TASK: How many lines in the entries below contain the string "between"? Reply with the number only.

(SUPPLIED DATA begins)

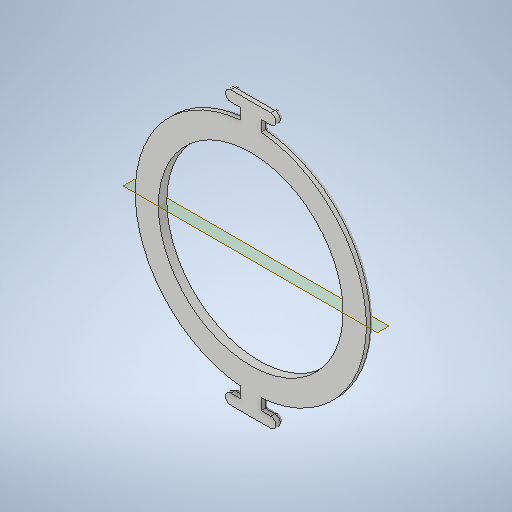
# Autodesk Inventor part: Baseplate_mitte
Saved by Autodesk Inventor 2025 (Build 290162000, 162)
## iProperties
Created: 2020-01-15
Part Number: Baseplate_mitte
Material: Generisch
Document SubType Name: Modeling
Designer: maxse
Density: 1 g/cm^3
Appearance: Vorgabe
Author: maxse
Autodesk Inventor part; units mm, degrees
(part 1 of 2)
ref_plane "YZ Plane" through (0, 0, 0) normal (1, 0, 0) x (0, 1, 0)
ref_plane "XZ Plane" through (0, 0, 0) normal (0, 1, 0) x (-1, 0, 0)
ref_plane "XY Plane" through (0, 0, 0) normal (0, 0, 1) x (1, 0, 0)
sketch "Skizze1" plane through (0, 0, 0) normal (0, 1, 0) x (-1, 0, 0)
  circle A0 centre (0, 0) radius 55
  circle A1 centre (0, 0) radius 43.96
  line L0 (-9.5, -65) -> (9.5, -65)
  line L1 (-9.5, -60) -> (-5, -60)
  line L2 (-5, -60) -> (-5, -54.7723)
  line L3 (5, -54.7723) -> (5, -60)
  line L4 (5, -60) -> (9.5, -60)
  arc A2 (9.5, -65) -> (9.5, -60) centre (9.5, -62.5) ccw
  arc A3 (-9.5, -60) -> (-9.5, -65) centre (-9.5, -62.5) ccw
  dimension "d0" = 110
  dimension "d1" = 87.92
  dimension "d2" = 10
  dimension "d3" = 2.5
  dimension "d4" = 2.5
  dimension "d5" = 5
  dimension "d6" = 5
  dimension "d7" = 24
  dimension "d8" = 60
  dimension "d9" = 4.5
  constraints: 10 end point, 6 point on circle, 4 centre point, 2 coincident, 2 horizontal, 2 point on line, 1 parallel, 1 perpendicular
  measures "d0" diameter of A0
  measures "d1" diameter of A1
  measures "d2" distance between parallel lines of L3 L2
  measures "d3" radius of A2
  measures "d4" radius of A3
  measures "d5" distance between parallel lines of L1 L0
  measures "d6" distance from line of point (0, 0) L2
  measures "d8" distance from line of A0.centre L4
  measures "d9" distance from line of L3 A2.centre
extrude "Extrusion1" add sketch "Skizze1" along normal blind 4
mirror "Spiegeln1" about plane through (0, 0, 0) normal (0, 0, 1) of "Extrusion1"
fillet "Rundung2" radius 2 16 edges at (-55, 4, 0) (55, 4, 0) (5, 4, 57.3861) (-5, 4, 57.3861) (-12, 4, 62.5) (-7.25, 4, 60) (12, 4, 62.5) (7.25, 4, 60) (0, 4, 65) (-12, 4, -62.5) (-7.25, 4, -60) (12, 4, -62.5) (7.25, 4, -60) (0, 4, -65) (-5, 4, -57.3861) (5, 4, -57.3861)
sketch "Skizze2" plane through (0, 4, 0) normal (0, 1, 0) x (1, 0, 0)
  circle A0 centre (0, 0) radius 45 projected
  line L0 (-69.5668, 0) -> (60.0552, 0)
  spline S0 degree 2 poles (24.3984, -40.0383) (24.7167, -39.8443) (25.3552, -39.7162) (25.6461, -39.781) knots 0 0 0 1 2 2 2
  spline S1 degree 2 poles (25.6461, -39.781) (25.9314, -39.8443) (26.405, -40.201) (26.5674, -40.4675) knots 0 0 0 1 2 2 2
  spline S2 degree 2 poles (26.5674, -40.4675) (26.7782, -40.8135) (26.7622, -41.6204) (26.5147, -42.0084) knots 0 0 0 1 2 2 2
  line L1 (26.5147, -42.0084) -> (26.5253, -42.0257)
  spline S3 degree 2 poles (26.5253, -42.0257) (26.9519, -42.0172) (27.522, -42.2677) (27.7202, -42.5929) knots 0 0 0 1 2 2 2
  spline S4 degree 2 poles (27.7202, -42.5929) (28.0133, -43.0738) (27.6789, -44.1602) (27.1183, -44.5018) knots 0 0 0 1 2 2 2
  spline S5 degree 2 poles (27.1183, -44.5018) (26.5371, -44.856) (25.4636, -44.675) (25.1726, -44.1976) knots 0 0 0 1 2 2 2
  spline S6 degree 2 poles (25.1726, -44.1976) (24.9976, -43.9104) (24.9917, -43.1453) (25.2095, -42.7943) knots 0 0 0 1 2 2 2
  line L2 (25.2095, -42.7943) -> (25.199, -42.777)
  spline S7 degree 2 poles (25.199, -42.777) (24.7199, -42.8317) (24.0322, -42.5675) (23.7918, -42.173) knots 0 0 0 1 2 2 2
  spline S8 degree 2 poles (23.7918, -42.173) (23.4587, -41.6264) (23.8033, -40.401) (24.3984, -40.0383) knots 0 0 0 1 2 2 2
  spline S9 degree 2 poles (24.3463, -41.7592) (24.5065, -42.0222) (24.9039, -42.2071) (25.295, -42.187) knots 0 0 0 1 2 2 2
  spline S10 degree 2 poles (25.295, -42.187) (25.4256, -42.1834) (25.8289, -42.1132) (26.0836, -42.0718) knots 0 0 0 1 2 2 2
  spline S11 degree 2 poles (26.0836, -42.0718) (26.224, -41.7728) (26.1941, -41.1552) (26.0149, -40.8611) knots 0 0 0 1 2 2 2
  spline S12 degree 2 poles (26.0149, -40.8611) (25.7787, -40.4736) (25.0038, -40.253) (24.6508, -40.4681) knots 0 0 0 1 2 2 2
  spline S13 degree 2 poles (24.6508, -40.4681) (24.291, -40.6874) (24.1186, -41.3856) (24.3463, -41.7592) knots 0 0 0 1 2 2 2
  spline S14 degree 2 poles (25.7289, -43.8491) (25.9039, -44.1362) (26.522, -44.2863) (26.8646, -44.0775) knots 0 0 0 1 2 2 2
  spline S15 degree 2 poles (26.8646, -44.0775) (27.176, -43.8878) (27.3651, -43.3028) (27.1859, -43.0086) knots 0 0 0 1 2 2 2
  spline S16 degree 2 poles (27.1859, -43.0086) (27.0573, -42.7976) (26.6739, -42.6279) (26.3981, -42.6346) knots 0 0 0 1 2 2 2
  spline S17 degree 2 poles (26.3981, -42.6346) (26.2821, -42.6389) (25.812, -42.6929) (25.6337, -42.7351) knots 0 0 0 1 2 2 2
  spline S18 degree 2 poles (25.6337, -42.7351) (25.5006, -43.0772) (25.5708, -43.5896) (25.7289, -43.8491) knots 0 0 0 1 2 2 2
  line L3 (21.6421, -46.4852) -> (21.6582, -41.7158)
  line L4 (21.6582, -41.7158) -> (22.2948, -41.3944)
  line L5 (22.2948, -41.3944) -> (22.2433, -46.3633)
  line L6 (22.2433, -46.3633) -> (24.5473, -45.2002)
  line L7 (24.5473, -45.2002) -> (24.8121, -45.7246)
  line L8 (24.8121, -45.7246) -> (21.9799, -47.1544)
  line L9 (21.9799, -47.1544) -> (21.6421, -46.4852)
  line L10 (18.1735, -43.3461) -> (18.9107, -43.0296)
  line L11 (18.9107, -43.0296) -> (19.2879, -43.9083)
  line L12 (19.2879, -43.9083) -> (18.5507, -44.2248)
  line L13 (18.5507, -44.2248) -> (18.1735, -43.3461)
  spline S19 degree 2 poles (14.9287, -46.263) (14.8073, -45.9235) (14.8174, -45.2658) (14.9394, -44.9812) knots 0 0 0 1 2 2 2
  spline S20 degree 2 poles (14.9394, -44.9812) (15.0614, -44.6966) (15.5641, -44.2371) (15.9304, -44.1062) knots 0 0 0 1 2 2 2
  spline S21 degree 2 poles (15.9304, -44.1062) (16.2661, -43.9861) (16.9756, -43.9003) (17.2582, -43.9326) knots 0 0 0 1 2 2 2
  line L14 (17.2582, -43.9326) -> (17.497, -44.6003)
  line L15 (17.497, -44.6003) -> (17.4512, -44.6166)
  spline S22 degree 2 poles (17.4512, -44.6166) (17.3596, -44.5891) (17.0396, -44.5487) (16.8537, -44.5463) knots 0 0 0 1 2 2 2
  spline S23 degree 2 poles (16.8537, -44.5463) (16.6436, -44.5483) (16.3086, -44.5863) (16.114, -44.6558) knots 0 0 0 1 2 2 2
  spline S24 degree 2 poles (16.114, -44.6558) (15.9233, -44.7241) (15.6137, -44.9896) (15.5372, -45.1848) knots 0 0 0 1 2 2 2
  spline S25 degree 2 poles (15.5372, -45.1848) (15.4694, -45.3683) (15.481, -45.7858) (15.5711, -46.0376) knots 0 0 0 1 2 2 2
  spline S26 degree 2 poles (15.5711, -46.0376) (15.6611, -46.2895) (15.9131, -46.5608) (16.081, -46.6213) knots 0 0 0 1 2 2 2
  spline S27 degree 2 poles (16.081, -46.6213) (16.2568, -46.6918) (16.6891, -46.6491) (16.9294, -46.5632) knots 0 0 0 1 2 2 2
  spline S28 degree 2 poles (16.9294, -46.5632) (17.1889, -46.4704) (17.6753, -46.2061) (17.8194, -46.1158) knots 0 0 0 1 2 2 2
  line L16 (17.8194, -46.1158) -> (18.6871, -48.5424)
  line L17 (18.6871, -48.5424) -> (16.1041, -49.466)
  line L18 (16.1041, -49.466) -> (15.9063, -48.9127)
  line L19 (15.9063, -48.9127) -> (17.8826, -48.2061)
  line L20 (17.8826, -48.2061) -> (17.4338, -46.9508)
  spline S29 degree 2 poles (17.4338, -46.9508) (17.3248, -47.007) (17.1076, -47.0976) (17.016, -47.1303) knots 0 0 0 1 2 2 2
  spline S30 degree 2 poles (17.016, -47.1303) (16.6536, -47.2599) (16.1115, -47.3204) (15.8198, -47.2267) knots 0 0 0 1 2 2 2
  spline S31 degree 2 poles (15.8198, -47.2267) (15.5243, -47.1344) (15.0815, -46.6903) (14.9287, -46.263) knots 0 0 0 1 2 2 2
  line L21 (9.4987, -46.0663) -> (10.0195, -48.1748)
  spline S32 degree 2 poles (10.0195, -48.1748) (10.0817, -48.4265) (10.2269, -48.8456) (10.319, -48.948) knots 0 0 0 1 2 2 2
  spline S33 degree 2 poles (10.319, -48.948) (10.414, -49.0623) (10.685, -49.1289) (10.8935, -49.0774) knots 0 0 0 1 2 2 2
  spline S34 degree 2 poles (10.8935, -49.0774) (11.0823, -49.0308) (11.4577, -48.6918) (11.6315, -48.4152) knots 0 0 0 1 2 2 2
  spline S35 degree 2 poles (11.6315, -48.4152) (11.6139, -48.3611) (11.5682, -48.2096) (11.5429, -48.1073) knots 0 0 0 1 2 2 2
  line L22 (11.5429, -48.1073) -> (10.9502, -45.7078)
  line L23 (10.9502, -45.7078) -> (11.5638, -45.5562)
  line L24 (11.5638, -45.5562) -> (12.0846, -47.6646)
  spline S36 degree 2 poles (12.0846, -47.6646) (12.1468, -47.9164) (12.2921, -48.3354) (12.3842, -48.4379) knots 0 0 0 1 2 2 2
  spline S37 degree 2 poles (12.3842, -48.4379) (12.4792, -48.5522) (12.7502, -48.6188) (12.9587, -48.5673) knots 0 0 0 1 2 2 2
  spline S38 degree 2 poles (12.9587, -48.5673) (13.1554, -48.5187) (13.5308, -48.163) (13.6877, -47.9198) knots 0 0 0 1 2 2 2
  line L25 (13.6877, -47.9198) -> (13.0153, -45.1977)
  line L26 (13.0153, -45.1977) -> (13.629, -45.0461)
  line L27 (13.629, -45.0461) -> (14.5287, -48.6886)
  line L28 (14.5287, -48.6886) -> (13.9151, -48.8402)
  line L29 (13.9151, -48.8402) -> (13.816, -48.439)
  spline S39 degree 2 poles (13.816, -48.439) (13.6353, -48.7382) (13.2284, -49.1184) (12.9451, -49.1883) knots 0 0 0 1 2 2 2
  spline S40 degree 2 poles (12.9451, -49.1883) (12.6226, -49.268) (12.0501, -49.0964) (11.8377, -48.7941) knots 0 0 0 1 2 2 2
  spline S41 degree 2 poles (11.8377, -48.7941) (11.6352, -49.1738) (11.1868, -49.6227) (10.88, -49.6984) knots 0 0 0 1 2 2 2
  spline S42 degree 2 poles (10.88, -49.6984) (10.644, -49.7567) (10.2225, -49.7064) (10.0401, -49.5762) knots 0 0 0 1 2 2 2
  spline S43 degree 2 poles (10.0401, -49.5762) (9.8537, -49.4469) (9.57, -48.9911) (9.4777, -48.6174) knots 0 0 0 1 2 2 2
  line L30 (9.4777, -48.6174) -> (8.885, -46.2179)
  line L31 (8.885, -46.2179) -> (9.4987, -46.0663)
  line L32 (3.7893, -46.8825) -> (4.0482, -49.0389)
  spline S44 degree 2 poles (4.0482, -49.0389) (4.0791, -49.2963) (4.172, -49.73) (4.2508, -49.843) knots 0 0 0 1 2 2 2
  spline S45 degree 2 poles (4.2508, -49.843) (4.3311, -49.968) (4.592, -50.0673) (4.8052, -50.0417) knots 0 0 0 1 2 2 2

(SUPPLIED DATA ends)

TASK RESPONSE: 2